Sharma, Abhishek (Agora Schlumberger) | Samuel, Prince (Agora Schlumberger) | Gupta, Debashis (Agora Schlumberger) | Whatley, Craig (Agora Schlumberger) | Agarwal, Shubham (Agora Schlumberger) | Gey, Gian-Marcio (Agora Schlumberger)
In Production operations, asset performance depends greatly on maximizing the run life of equipment while reducing the cost of maintenance. Often, E&P operators have a reactive approach to field maintenance resulting in uneccessary downtime in logistics, inventory management, diagnosing the issues, and in taking the recommended actions. This can lead to higher operating costs and non-productive time.
E&P operators are aggressively looking to increase production with operational efficiency gains. In the unconventional fields, a large number of wells have been drilled and put in production with various artificial lift techniques. Proactive well and field production management requires digital enablement of operations, with no data silos and data flowing seamlessly from the subsurface to the hands of the operator. With huge amounts of data being collected, it is imperative to apply data-driven techniques to gain more insights that can be utilized to better manage production. A data-driven approach can provide huge benefits for organisations holding vast amount of reservoir, production, and facilities data. It could provide insights into non-linear multidimensional relationships between parameters so that the field development is better understood and optimized. It could allow companies using a proactive approach towards field operations and equipment maintenance resulting in additional cost savings.

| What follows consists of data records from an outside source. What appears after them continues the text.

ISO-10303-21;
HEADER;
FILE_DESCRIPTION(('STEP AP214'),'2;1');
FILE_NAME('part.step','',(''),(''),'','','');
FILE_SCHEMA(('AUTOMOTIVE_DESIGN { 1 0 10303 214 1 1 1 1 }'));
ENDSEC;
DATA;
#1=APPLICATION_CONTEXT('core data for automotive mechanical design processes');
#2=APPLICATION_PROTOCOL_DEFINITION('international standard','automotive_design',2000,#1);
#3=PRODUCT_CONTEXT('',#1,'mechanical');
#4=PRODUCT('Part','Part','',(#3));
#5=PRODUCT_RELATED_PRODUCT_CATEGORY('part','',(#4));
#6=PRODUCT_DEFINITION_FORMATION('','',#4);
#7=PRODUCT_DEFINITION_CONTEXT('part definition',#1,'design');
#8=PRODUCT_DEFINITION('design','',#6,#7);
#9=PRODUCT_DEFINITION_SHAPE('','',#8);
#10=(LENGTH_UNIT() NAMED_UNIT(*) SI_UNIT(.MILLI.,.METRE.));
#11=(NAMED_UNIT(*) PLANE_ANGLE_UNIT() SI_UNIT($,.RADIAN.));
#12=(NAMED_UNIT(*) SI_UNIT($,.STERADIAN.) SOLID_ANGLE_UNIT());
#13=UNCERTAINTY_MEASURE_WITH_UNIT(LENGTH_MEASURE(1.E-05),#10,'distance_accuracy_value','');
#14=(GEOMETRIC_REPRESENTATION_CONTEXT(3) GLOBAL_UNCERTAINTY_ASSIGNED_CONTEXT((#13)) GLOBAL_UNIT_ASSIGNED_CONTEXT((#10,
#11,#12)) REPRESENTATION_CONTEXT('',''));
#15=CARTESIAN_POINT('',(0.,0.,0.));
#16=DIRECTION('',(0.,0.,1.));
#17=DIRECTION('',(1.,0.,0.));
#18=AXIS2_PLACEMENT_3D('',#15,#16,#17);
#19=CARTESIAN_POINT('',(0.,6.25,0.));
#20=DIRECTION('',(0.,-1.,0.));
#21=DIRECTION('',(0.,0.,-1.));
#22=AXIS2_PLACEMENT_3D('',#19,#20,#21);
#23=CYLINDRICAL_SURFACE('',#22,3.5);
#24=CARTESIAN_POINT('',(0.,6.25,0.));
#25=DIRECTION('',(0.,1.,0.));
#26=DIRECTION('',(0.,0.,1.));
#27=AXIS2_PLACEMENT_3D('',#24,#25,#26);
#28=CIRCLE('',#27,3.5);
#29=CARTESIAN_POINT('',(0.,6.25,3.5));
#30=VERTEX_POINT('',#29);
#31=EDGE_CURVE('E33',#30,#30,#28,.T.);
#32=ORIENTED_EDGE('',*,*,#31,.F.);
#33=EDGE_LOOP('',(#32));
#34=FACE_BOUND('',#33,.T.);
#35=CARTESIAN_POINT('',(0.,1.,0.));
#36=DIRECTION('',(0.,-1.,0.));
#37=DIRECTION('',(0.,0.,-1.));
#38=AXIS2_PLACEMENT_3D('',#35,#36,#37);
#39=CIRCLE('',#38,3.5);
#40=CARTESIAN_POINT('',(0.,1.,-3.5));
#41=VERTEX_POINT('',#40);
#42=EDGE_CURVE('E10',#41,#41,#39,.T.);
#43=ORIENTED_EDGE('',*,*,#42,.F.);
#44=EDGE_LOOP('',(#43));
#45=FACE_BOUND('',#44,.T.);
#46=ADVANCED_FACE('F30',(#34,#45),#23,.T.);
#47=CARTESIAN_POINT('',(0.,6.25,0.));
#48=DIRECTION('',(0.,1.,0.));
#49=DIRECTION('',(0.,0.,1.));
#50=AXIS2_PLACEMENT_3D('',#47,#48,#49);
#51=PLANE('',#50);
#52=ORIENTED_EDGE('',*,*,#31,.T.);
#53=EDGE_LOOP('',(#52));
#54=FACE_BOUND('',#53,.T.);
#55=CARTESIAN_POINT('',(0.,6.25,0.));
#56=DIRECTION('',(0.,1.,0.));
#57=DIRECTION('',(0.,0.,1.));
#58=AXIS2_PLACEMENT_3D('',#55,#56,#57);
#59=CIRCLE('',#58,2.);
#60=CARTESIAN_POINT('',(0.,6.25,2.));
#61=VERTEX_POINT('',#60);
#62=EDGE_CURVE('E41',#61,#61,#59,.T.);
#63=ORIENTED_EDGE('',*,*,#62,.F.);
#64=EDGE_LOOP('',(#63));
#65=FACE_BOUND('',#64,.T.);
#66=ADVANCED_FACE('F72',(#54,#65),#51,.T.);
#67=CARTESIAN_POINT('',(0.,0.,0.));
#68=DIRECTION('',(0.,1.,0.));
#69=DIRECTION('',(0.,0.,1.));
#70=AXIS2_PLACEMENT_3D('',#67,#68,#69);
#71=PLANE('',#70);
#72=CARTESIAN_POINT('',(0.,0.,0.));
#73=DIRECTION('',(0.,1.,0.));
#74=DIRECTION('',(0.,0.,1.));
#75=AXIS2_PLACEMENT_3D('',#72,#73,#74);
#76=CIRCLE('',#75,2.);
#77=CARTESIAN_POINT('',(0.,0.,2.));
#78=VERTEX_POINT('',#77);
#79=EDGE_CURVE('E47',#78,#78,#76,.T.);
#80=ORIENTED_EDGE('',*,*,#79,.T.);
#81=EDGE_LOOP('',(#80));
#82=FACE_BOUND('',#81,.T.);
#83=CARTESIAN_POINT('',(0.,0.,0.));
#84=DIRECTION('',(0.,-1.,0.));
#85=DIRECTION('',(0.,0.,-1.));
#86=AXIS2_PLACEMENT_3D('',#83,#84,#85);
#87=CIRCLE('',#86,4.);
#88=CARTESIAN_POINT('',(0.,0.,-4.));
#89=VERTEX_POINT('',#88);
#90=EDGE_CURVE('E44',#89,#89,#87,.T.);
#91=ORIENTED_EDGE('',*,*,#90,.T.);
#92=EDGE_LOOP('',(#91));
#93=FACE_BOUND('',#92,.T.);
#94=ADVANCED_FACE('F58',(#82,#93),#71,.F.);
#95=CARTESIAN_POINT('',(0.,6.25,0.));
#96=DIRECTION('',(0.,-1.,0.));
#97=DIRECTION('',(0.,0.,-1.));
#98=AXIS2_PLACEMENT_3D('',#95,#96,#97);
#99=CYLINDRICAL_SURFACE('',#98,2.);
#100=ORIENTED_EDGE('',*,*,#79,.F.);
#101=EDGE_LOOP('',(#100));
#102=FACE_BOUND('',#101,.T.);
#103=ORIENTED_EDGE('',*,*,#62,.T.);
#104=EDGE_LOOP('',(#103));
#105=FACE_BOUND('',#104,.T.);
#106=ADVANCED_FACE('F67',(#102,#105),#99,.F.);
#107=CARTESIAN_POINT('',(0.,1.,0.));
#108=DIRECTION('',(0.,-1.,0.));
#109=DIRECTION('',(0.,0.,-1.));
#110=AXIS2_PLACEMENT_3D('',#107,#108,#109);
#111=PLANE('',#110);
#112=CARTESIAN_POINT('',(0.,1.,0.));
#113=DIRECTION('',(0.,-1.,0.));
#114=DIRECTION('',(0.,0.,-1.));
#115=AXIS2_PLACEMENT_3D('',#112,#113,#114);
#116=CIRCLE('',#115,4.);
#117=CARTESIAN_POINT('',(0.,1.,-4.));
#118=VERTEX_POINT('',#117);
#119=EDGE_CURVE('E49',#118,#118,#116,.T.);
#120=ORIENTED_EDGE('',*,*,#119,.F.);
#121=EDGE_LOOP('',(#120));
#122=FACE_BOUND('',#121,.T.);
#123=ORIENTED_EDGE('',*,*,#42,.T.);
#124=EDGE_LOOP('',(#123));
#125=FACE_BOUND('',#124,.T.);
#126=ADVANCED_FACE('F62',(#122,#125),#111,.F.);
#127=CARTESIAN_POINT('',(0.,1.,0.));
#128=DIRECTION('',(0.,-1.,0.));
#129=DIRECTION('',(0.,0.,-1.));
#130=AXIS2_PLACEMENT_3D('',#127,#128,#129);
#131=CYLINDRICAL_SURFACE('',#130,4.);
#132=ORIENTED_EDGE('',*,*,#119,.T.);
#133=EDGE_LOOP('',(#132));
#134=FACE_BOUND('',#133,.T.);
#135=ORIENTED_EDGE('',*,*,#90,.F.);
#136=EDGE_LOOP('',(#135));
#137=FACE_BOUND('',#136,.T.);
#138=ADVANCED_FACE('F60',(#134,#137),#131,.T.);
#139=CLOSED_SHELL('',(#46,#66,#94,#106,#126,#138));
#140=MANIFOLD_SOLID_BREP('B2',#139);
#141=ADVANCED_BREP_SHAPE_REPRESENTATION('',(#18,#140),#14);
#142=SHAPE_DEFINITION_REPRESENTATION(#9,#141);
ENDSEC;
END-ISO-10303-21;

This paper presents case studies in which operators optimized production utilizing edge-driven Industrial Internet of Things (IIoT) solutions. These edge IIoT solutions enable fast-loop control through a combination of physics and data-driven workflows, which empowers the operator to proactively manage their assets and focus attention on potentially problematic wells. The solution’s architectural setup and ability to deliver fast-loop control workflows at the edge enables operators to successfully detect and manage potential issues and ultimately improve well performance. Additionally, this approach reduces the dependency upon domain experts to frequently analyze data. The high-frequency data capturing resulted in predicting equipment performance with confidence and allowing remote well management to reduce health, safety, and environment (HSE) risks while decreasing logistics and maintenance costs.